Dual Rasterizer


Goal

Writing an application that can seemlessly switch between CPU and GPU based rasterization and achieve the same lighting on a provided model. For the CPU, the several rasterization stages have to be written by hand in addition to the shader effects themselves. The GPU side has to be set up and the effects have to be written in HLSL.

Starting point

The base of the project is a custom written engine, with HLSL support, received from the teachers. The entire rasterization functionality itself was added by me.

Common Code

Considering the switch between the two rasterization methods needs to be as seemlessly as possible, the code of both processors will need access to the current state of the other. Or in other words, only the code that handles the rasterization needs to be seperated, the rest can be combined. The only variables each of the processors need access to are the meshes and the camera.
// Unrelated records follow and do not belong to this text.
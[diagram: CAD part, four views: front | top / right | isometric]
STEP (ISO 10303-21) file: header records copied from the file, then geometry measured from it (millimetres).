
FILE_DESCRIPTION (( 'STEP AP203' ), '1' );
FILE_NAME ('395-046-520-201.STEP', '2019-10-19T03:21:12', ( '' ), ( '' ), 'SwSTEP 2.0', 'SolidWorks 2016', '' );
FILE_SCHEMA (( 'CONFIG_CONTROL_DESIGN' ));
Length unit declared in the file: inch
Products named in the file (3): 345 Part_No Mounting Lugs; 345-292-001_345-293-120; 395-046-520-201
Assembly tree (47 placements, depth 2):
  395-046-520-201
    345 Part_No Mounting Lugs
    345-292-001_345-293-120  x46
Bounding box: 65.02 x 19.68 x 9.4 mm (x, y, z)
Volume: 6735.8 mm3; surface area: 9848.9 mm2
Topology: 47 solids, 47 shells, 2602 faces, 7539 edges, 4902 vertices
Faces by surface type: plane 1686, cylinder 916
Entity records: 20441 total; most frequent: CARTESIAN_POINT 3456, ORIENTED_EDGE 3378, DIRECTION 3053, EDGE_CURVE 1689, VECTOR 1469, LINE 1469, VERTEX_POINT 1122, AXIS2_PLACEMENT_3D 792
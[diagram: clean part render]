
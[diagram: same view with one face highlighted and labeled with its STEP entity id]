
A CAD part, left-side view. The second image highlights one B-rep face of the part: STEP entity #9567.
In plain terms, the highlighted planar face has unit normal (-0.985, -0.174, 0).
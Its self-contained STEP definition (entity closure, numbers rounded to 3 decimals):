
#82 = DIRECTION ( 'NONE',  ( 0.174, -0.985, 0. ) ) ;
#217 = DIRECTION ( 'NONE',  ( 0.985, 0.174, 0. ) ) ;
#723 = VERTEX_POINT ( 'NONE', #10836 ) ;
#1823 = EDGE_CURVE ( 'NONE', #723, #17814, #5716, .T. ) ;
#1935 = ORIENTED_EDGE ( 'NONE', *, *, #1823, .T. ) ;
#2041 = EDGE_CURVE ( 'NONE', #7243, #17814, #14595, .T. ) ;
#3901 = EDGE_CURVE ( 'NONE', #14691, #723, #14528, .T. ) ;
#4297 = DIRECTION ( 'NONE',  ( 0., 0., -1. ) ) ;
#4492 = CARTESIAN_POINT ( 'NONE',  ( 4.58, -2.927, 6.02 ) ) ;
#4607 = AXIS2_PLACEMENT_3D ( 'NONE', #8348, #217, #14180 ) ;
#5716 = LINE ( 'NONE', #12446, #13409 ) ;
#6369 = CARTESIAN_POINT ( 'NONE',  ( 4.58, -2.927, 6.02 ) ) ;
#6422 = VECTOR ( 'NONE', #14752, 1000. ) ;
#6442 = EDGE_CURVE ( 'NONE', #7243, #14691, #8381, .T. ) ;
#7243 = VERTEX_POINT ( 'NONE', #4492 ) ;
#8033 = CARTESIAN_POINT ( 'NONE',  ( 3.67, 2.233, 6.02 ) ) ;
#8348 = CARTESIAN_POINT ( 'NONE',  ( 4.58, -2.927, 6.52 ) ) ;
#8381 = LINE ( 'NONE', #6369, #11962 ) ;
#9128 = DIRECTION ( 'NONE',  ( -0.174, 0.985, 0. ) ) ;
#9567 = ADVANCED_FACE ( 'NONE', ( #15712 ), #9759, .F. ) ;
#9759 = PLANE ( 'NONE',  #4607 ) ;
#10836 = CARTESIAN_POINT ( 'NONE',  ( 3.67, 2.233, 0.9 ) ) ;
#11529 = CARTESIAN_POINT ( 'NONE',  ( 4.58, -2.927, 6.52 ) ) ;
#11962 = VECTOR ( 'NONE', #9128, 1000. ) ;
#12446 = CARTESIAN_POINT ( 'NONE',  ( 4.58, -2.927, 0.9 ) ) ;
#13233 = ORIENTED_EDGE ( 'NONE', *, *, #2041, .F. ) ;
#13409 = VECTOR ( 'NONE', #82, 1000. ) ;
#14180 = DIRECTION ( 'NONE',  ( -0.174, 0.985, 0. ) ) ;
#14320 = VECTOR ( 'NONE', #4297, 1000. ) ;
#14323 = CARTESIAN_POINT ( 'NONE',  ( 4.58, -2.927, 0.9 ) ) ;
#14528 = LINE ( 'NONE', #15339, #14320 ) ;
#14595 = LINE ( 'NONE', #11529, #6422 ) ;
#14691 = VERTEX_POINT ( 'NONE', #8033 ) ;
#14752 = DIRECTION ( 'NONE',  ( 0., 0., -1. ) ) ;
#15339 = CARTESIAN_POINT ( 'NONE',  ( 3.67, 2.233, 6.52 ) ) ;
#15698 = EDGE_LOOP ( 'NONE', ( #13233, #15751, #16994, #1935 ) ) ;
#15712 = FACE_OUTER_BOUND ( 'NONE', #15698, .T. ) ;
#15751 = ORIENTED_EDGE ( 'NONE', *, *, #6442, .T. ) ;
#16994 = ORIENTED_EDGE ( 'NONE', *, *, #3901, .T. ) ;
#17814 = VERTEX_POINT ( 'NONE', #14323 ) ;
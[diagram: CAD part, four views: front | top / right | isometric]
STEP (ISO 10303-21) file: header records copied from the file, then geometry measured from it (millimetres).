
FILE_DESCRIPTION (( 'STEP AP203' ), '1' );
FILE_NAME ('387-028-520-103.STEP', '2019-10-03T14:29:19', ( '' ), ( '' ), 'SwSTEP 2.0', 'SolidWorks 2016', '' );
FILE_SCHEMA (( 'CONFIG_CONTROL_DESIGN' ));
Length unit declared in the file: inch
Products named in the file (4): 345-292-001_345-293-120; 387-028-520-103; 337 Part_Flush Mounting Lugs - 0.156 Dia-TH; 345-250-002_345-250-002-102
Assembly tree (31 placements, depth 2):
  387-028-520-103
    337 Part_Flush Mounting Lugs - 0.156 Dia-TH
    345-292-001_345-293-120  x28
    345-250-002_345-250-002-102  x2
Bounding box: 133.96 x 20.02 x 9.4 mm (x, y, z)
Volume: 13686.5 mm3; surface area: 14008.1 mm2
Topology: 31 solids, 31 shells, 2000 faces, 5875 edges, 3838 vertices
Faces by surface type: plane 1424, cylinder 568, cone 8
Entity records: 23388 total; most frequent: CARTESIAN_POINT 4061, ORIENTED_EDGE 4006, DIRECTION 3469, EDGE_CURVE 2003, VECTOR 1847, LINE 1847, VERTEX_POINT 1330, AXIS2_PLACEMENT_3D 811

Those can easily be passed as referenced variables into the render function of the currently active processor, as it would be a waste of memory to store the same data twice. I opted to make use of polymorphism to control the switch. The currently active processor's pointer is stored in a base class pointer, which is then used to call the correct render function.

CPU Rasterization

In the render function of the CPU, the mesh first passes through the Projection phase. That is the phase where the 3D object is projected onto the 2D screen.

From there, the code loops over all triangles in the mesh and attempts to rasterize them. As an extra, this part is multithreaded to give an extra bit of performance on the CPU. However, as I will explain later, this brings it's own set of problems. This is only done if all 3 triangle coordinates are visible for the camera, but it is possible to solve this through a technique called frustrum culling. Unfortunately I did not have enough time to add this in a good way, so I decided to not implement it.

CPU Rasterizer

There are a couple of checks to go through before we can go to the next stage. First of all, the culling mode needs to be checked, which can be back, front or none. Then the next one is the depth test, which checks if the pixel is not being obstructed by another one closer to the camera. Once the pixel passes both checks, it will move on to the pixelshader, which is the part of the code responsible to calculate the pixel color based on the effect that is applied on the mesh.

I wrote 2 effects, an opaque effect for vehicle itself and a transparancy effect for the flames coming out of exhaust of the vehicle. This is also where the multithreading issue lies; Because the multithreaded code is executed in parallel, it creates race conditions, where the pixel's color can change based on what pixel is finished calculating first. This was especially jarring with the transparancy effect, so I implemented some additional code to disable multithreading for that effect. It is also present on the opaque effect, but it is barely noticable, so I left that as is.

This continues till all triangles are looped over, at which point the next frame starts, or the processor switches over to the GPU.

GPU Rasterization

Luckily, it is completely unnecessary to rewrite the code that goes through all the different rasterization stages for the GPU, as it can perfectly handle that by itself. It even handles the frustrum culling automatically. I only need to set up the code that communicates the necessary data, such as the mesh vertices and the camera matrices, to the GPU. The matrices are set through global public variables in a .fx file, but to implement the data for the mesh vertices, I need to set up an input layout. This tells the gpu how it can expect the data to be structured. The .fx file needs to have a struct defined with the same data layout, so the data can easily be fed into the code.

Once the data is fed into the HLSL code, the only thing left to write is pixel shader code. This code should render exactly the same result as the CPU equivalent, with the exception of some potential difference in rounding between the two processors.

GPU Rasterizer

Additional Options

There are a few additional options to view the model in a somewhat different light. For example, on the CPU only with F5, you can cycle through the diffuse-only, observed area, diffuse and combine shading mode. With F9, you can cycle through the different cullmodes.

Conclusion

While not immediately in the range of my interests, I did enjoy working on this project. I often did not expect some very apparent lighting bugs to be the result of a small mistake in the code, which was at times frustrating to hunt down, but it was always satisfying to see it work correctly. This project made it clear for me that the amount of optimizations needed to render games at at least 60fps is massive, as simply taking away the multithreading for the fire effect on the CPU made my fps go down by a not so small amount.